Of the lines listed below, return exactly those that run from the line containing "Relational Operator/1 -> Detect Increase/1" through the line containing "Add/1 -> Data Store Write/1", both included.

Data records
= = =

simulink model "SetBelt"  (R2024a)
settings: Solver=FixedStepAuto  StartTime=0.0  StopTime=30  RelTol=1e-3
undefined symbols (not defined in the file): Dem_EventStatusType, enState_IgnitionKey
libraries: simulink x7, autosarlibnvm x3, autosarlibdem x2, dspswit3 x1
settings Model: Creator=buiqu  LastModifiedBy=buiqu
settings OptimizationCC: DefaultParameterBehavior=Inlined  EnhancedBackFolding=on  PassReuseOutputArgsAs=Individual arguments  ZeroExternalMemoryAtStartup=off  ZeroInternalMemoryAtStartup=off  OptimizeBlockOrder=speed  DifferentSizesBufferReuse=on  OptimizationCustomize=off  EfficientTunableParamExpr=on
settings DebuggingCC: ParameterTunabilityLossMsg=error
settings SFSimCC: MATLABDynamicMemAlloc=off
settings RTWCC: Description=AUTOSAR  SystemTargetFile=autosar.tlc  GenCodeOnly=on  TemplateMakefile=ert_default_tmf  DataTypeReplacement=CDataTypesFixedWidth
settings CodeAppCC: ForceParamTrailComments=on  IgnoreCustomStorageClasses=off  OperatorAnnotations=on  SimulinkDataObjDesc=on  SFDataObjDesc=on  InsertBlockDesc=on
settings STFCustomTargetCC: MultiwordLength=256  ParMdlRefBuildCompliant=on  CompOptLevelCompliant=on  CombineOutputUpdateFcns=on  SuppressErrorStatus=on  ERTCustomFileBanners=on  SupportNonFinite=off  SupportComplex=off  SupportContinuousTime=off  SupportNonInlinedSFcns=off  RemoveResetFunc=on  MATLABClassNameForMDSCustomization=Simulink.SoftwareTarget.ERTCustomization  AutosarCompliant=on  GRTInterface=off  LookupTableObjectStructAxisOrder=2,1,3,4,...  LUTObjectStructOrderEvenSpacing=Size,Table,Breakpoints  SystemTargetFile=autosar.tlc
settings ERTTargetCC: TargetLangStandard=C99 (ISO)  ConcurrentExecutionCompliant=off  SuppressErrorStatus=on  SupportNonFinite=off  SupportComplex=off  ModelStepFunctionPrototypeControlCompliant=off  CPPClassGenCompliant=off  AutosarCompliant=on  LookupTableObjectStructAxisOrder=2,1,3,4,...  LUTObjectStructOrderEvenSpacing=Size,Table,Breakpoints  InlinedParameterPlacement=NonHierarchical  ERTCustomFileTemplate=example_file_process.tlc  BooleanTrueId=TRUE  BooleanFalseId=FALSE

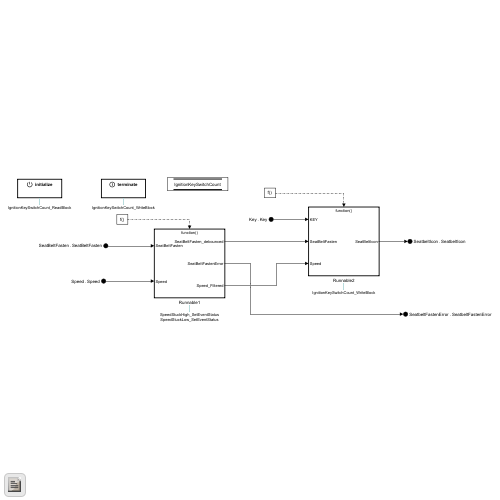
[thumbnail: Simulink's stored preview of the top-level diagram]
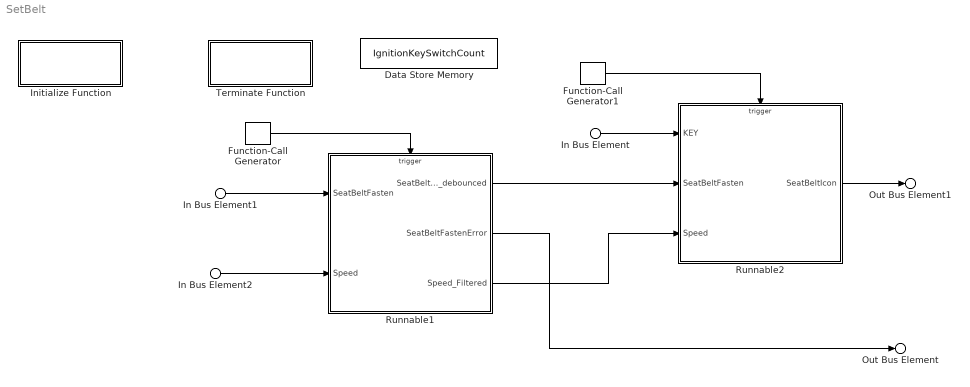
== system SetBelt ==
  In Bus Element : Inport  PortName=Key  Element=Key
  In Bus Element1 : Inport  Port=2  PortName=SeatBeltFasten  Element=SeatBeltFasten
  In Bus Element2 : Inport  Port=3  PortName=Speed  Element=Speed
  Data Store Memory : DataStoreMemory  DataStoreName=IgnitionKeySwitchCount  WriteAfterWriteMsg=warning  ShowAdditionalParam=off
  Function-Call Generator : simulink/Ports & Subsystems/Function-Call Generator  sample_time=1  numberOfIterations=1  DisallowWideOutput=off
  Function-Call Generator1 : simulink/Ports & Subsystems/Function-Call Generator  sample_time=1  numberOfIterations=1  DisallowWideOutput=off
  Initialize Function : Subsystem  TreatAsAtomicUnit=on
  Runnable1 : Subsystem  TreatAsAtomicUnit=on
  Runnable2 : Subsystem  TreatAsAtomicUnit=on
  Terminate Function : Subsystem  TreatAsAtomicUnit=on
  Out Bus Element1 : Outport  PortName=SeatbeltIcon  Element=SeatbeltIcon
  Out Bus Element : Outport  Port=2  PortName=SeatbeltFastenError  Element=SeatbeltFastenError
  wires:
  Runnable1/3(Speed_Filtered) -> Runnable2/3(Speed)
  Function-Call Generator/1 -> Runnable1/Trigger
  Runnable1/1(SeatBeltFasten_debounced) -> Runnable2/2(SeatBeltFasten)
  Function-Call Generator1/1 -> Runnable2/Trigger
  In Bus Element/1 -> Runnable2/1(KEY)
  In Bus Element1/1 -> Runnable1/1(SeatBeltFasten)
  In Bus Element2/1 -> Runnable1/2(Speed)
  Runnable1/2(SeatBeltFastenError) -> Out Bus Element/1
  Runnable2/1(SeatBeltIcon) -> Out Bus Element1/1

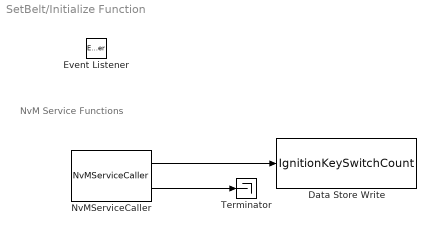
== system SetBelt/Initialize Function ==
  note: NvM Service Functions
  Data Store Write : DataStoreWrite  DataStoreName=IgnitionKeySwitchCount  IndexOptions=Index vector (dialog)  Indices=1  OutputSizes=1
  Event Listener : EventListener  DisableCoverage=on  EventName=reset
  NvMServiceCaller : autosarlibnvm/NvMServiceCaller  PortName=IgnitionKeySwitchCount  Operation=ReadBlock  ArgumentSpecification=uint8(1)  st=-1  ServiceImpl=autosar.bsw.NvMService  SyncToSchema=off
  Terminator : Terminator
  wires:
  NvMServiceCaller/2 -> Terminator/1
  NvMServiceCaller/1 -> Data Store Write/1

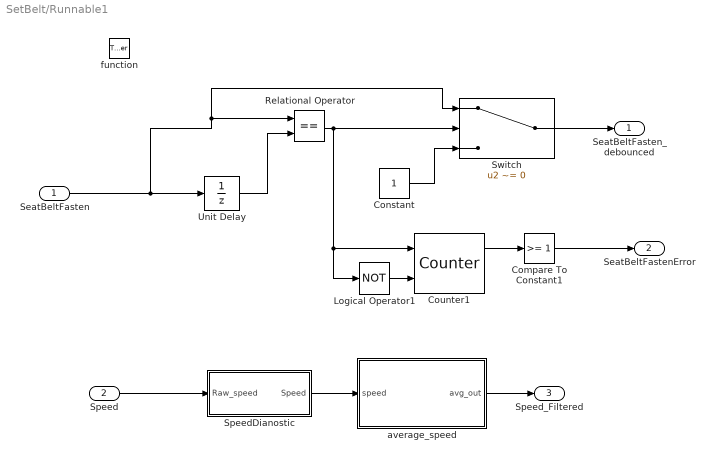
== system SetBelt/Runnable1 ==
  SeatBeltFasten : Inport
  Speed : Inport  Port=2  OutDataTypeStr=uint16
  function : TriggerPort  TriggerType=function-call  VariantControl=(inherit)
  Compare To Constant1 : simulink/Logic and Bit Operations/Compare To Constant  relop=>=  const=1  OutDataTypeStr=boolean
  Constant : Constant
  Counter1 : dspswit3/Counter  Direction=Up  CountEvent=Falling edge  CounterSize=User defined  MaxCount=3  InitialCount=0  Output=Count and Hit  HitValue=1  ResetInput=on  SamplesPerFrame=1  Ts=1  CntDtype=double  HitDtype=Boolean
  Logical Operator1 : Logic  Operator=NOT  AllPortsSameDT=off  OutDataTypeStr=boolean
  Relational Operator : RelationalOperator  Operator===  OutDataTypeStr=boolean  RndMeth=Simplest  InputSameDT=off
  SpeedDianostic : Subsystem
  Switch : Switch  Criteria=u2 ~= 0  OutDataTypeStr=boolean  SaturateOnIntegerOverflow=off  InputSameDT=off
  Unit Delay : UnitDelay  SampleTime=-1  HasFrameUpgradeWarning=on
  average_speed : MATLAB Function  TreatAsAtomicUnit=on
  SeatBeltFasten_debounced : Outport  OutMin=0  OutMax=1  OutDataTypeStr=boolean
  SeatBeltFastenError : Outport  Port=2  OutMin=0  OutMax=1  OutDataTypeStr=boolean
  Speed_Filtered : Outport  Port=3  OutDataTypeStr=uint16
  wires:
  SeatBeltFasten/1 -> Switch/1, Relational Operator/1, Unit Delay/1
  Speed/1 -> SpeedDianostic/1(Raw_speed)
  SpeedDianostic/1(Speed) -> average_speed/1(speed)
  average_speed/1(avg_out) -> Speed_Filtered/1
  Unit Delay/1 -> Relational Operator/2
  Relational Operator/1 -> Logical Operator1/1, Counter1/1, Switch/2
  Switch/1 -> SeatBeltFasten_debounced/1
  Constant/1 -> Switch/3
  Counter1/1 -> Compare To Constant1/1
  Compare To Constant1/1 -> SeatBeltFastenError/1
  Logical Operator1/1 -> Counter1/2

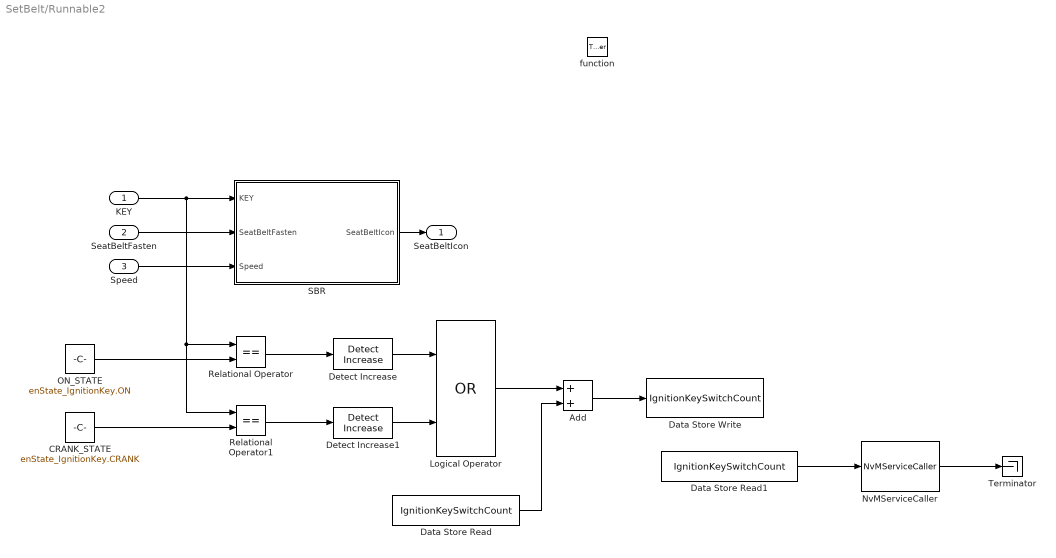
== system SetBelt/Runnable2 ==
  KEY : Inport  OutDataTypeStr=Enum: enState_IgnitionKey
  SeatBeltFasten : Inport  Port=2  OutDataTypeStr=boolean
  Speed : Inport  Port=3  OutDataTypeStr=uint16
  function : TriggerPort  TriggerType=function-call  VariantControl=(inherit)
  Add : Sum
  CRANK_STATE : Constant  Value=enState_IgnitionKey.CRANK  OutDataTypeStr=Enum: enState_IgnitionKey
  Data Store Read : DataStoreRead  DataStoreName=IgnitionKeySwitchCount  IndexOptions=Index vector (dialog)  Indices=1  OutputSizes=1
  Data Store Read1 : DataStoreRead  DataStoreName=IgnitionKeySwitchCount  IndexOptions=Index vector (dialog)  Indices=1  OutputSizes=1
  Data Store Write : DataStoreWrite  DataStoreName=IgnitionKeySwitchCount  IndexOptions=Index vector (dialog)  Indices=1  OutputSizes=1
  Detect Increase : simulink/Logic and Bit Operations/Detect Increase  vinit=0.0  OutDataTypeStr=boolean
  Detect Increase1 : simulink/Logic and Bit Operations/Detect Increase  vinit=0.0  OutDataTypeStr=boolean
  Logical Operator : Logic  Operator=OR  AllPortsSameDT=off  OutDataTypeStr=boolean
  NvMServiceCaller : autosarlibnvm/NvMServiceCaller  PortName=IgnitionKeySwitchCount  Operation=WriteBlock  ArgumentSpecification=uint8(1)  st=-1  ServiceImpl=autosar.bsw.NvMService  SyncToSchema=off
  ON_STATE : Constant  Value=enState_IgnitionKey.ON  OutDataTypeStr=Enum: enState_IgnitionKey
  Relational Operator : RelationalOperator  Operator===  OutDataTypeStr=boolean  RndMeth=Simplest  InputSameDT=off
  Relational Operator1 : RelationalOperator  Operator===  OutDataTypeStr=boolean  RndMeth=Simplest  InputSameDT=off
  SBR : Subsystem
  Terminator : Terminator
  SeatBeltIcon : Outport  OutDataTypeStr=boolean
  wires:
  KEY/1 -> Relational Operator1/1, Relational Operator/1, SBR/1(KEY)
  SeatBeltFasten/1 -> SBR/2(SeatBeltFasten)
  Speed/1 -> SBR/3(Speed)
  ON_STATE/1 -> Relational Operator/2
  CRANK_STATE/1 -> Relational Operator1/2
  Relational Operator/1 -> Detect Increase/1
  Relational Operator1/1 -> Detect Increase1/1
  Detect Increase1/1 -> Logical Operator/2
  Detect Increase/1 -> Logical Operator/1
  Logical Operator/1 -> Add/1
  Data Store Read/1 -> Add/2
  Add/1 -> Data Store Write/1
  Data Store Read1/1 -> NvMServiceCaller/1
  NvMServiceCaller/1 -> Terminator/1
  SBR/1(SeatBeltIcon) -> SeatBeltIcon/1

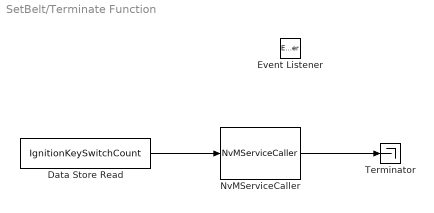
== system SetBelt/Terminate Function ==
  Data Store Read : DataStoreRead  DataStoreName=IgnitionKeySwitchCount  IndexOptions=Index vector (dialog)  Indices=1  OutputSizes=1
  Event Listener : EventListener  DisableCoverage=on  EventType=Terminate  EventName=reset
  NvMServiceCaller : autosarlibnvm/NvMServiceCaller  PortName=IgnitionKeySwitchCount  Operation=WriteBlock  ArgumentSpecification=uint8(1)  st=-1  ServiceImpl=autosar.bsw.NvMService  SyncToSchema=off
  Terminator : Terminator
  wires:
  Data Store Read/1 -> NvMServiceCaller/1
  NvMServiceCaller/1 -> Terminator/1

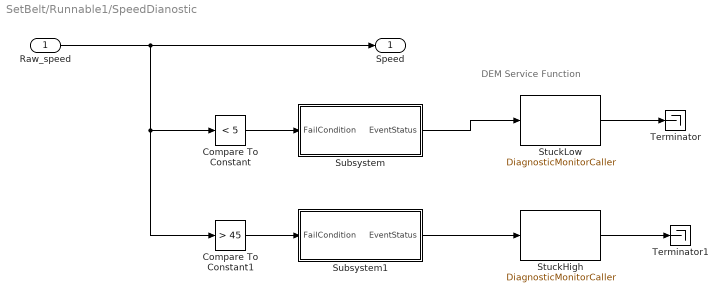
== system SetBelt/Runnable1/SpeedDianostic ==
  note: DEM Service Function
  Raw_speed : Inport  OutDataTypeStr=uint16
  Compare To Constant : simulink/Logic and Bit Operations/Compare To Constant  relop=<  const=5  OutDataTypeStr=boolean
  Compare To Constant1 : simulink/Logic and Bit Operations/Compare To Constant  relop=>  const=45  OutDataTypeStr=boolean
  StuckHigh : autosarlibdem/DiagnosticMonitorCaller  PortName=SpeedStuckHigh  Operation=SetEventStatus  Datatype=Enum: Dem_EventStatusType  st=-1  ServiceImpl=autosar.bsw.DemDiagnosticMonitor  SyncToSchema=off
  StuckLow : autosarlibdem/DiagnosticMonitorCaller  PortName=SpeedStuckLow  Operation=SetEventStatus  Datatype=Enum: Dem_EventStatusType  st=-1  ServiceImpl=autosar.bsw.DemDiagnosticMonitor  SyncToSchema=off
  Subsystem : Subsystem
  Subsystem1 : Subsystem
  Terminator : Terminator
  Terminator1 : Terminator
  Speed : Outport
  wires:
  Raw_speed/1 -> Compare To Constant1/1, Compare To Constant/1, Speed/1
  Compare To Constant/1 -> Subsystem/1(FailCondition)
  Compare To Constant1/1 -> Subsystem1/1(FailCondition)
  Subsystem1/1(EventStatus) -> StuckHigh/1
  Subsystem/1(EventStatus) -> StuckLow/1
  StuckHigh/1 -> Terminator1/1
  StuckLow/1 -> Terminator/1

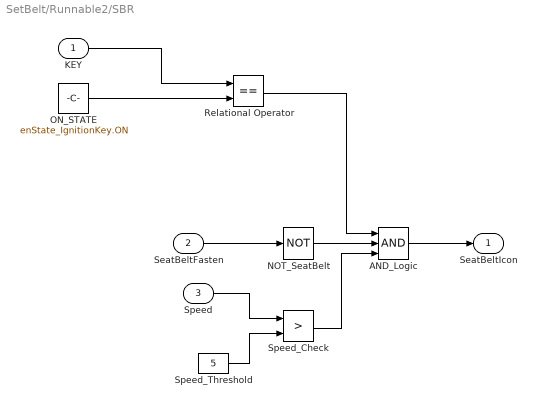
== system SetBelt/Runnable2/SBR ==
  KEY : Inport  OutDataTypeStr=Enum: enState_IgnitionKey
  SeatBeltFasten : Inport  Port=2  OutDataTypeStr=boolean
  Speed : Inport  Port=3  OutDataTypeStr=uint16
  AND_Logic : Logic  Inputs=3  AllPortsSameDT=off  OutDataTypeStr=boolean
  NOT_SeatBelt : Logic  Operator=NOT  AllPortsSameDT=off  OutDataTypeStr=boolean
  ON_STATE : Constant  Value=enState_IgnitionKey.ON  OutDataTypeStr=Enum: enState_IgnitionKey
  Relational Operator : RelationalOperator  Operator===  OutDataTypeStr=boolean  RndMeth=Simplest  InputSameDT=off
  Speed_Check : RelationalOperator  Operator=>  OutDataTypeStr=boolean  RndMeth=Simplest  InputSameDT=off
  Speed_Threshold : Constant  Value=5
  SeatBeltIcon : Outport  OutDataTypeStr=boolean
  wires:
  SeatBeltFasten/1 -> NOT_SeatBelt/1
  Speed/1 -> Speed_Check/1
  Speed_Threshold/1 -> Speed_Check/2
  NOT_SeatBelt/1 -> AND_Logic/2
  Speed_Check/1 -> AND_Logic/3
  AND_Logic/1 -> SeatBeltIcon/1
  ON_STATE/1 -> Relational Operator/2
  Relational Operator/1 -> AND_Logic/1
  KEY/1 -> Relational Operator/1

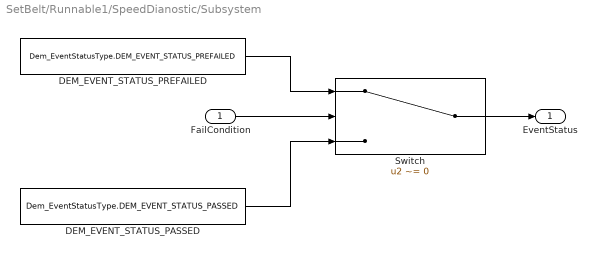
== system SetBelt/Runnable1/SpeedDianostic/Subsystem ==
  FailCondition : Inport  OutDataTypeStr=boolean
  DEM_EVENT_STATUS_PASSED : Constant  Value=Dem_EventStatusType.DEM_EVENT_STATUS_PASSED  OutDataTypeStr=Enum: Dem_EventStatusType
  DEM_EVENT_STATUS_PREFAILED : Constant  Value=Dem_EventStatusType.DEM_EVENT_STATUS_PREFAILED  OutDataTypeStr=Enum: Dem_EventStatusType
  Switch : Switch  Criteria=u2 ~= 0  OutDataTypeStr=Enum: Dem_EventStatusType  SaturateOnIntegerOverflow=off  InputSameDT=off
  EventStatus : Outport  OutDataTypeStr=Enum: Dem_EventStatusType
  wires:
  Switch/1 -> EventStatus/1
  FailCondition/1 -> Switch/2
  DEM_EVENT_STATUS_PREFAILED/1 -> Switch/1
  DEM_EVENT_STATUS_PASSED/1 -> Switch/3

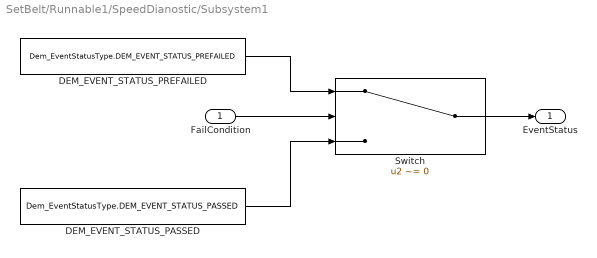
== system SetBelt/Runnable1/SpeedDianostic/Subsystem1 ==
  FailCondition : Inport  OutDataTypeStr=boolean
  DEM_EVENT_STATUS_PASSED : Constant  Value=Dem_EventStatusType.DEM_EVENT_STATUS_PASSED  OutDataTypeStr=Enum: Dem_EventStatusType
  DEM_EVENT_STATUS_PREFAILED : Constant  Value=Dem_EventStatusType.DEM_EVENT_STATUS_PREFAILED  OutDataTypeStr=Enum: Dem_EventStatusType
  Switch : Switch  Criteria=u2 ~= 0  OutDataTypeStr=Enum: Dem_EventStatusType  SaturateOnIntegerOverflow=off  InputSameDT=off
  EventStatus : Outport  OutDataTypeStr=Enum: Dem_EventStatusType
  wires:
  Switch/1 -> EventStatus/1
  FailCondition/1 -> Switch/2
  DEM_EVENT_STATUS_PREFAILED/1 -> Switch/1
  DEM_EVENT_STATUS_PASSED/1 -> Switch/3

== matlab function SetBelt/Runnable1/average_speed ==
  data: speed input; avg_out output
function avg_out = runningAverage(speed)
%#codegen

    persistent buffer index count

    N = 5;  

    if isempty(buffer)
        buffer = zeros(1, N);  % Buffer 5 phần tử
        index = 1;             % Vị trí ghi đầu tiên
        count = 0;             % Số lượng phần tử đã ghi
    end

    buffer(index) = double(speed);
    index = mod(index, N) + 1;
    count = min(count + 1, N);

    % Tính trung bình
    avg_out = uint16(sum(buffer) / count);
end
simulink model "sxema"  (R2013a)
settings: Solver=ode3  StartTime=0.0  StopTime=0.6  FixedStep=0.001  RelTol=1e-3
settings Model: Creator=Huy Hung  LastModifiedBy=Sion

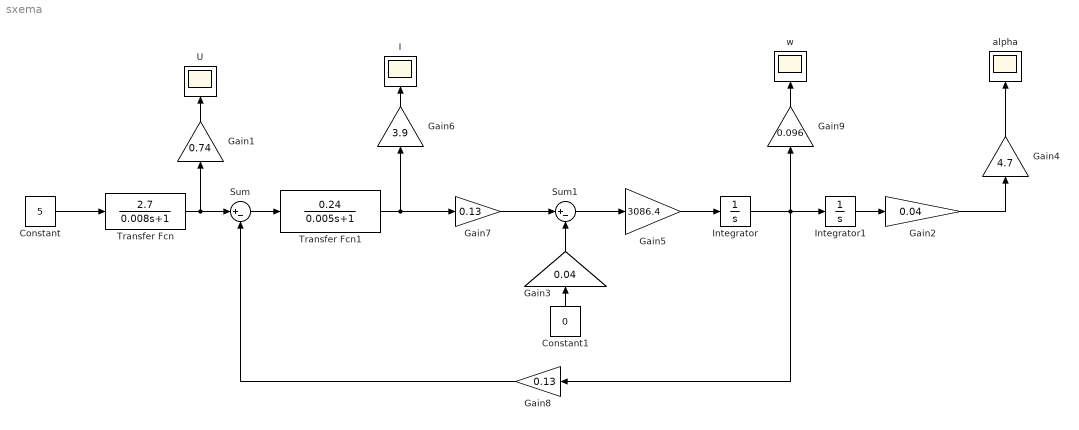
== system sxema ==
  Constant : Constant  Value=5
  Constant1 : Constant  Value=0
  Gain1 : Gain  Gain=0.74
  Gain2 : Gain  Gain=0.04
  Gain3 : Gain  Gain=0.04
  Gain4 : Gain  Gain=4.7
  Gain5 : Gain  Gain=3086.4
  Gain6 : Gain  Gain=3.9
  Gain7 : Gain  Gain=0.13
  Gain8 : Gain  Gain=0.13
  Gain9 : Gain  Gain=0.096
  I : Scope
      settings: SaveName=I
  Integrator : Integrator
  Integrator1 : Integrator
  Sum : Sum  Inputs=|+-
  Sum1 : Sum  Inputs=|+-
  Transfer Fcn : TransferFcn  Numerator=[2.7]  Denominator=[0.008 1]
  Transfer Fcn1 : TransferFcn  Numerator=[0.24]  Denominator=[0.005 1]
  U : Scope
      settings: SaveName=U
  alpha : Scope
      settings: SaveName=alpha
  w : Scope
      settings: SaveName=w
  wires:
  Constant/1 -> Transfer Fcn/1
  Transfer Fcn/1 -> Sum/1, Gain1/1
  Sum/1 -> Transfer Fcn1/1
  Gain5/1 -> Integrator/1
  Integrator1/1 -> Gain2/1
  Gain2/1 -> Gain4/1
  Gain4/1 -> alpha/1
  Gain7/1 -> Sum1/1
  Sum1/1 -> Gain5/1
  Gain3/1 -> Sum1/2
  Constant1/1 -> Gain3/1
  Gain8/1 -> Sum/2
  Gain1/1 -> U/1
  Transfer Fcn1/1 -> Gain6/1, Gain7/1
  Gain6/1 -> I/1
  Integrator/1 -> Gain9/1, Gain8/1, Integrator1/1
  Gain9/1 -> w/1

= = =

• _SOLUTION_
  Relational Operator/1 -> Detect Increase/1
  Relational Operator1/1 -> Detect Increase1/1
  Detect Increase1/1 -> Logical Operator/2
  Detect Increase/1 -> Logical Operator/1
  Logical Operator/1 -> Add/1
  Data Store Read/1 -> Add/2
  Add/1 -> Data Store Write/1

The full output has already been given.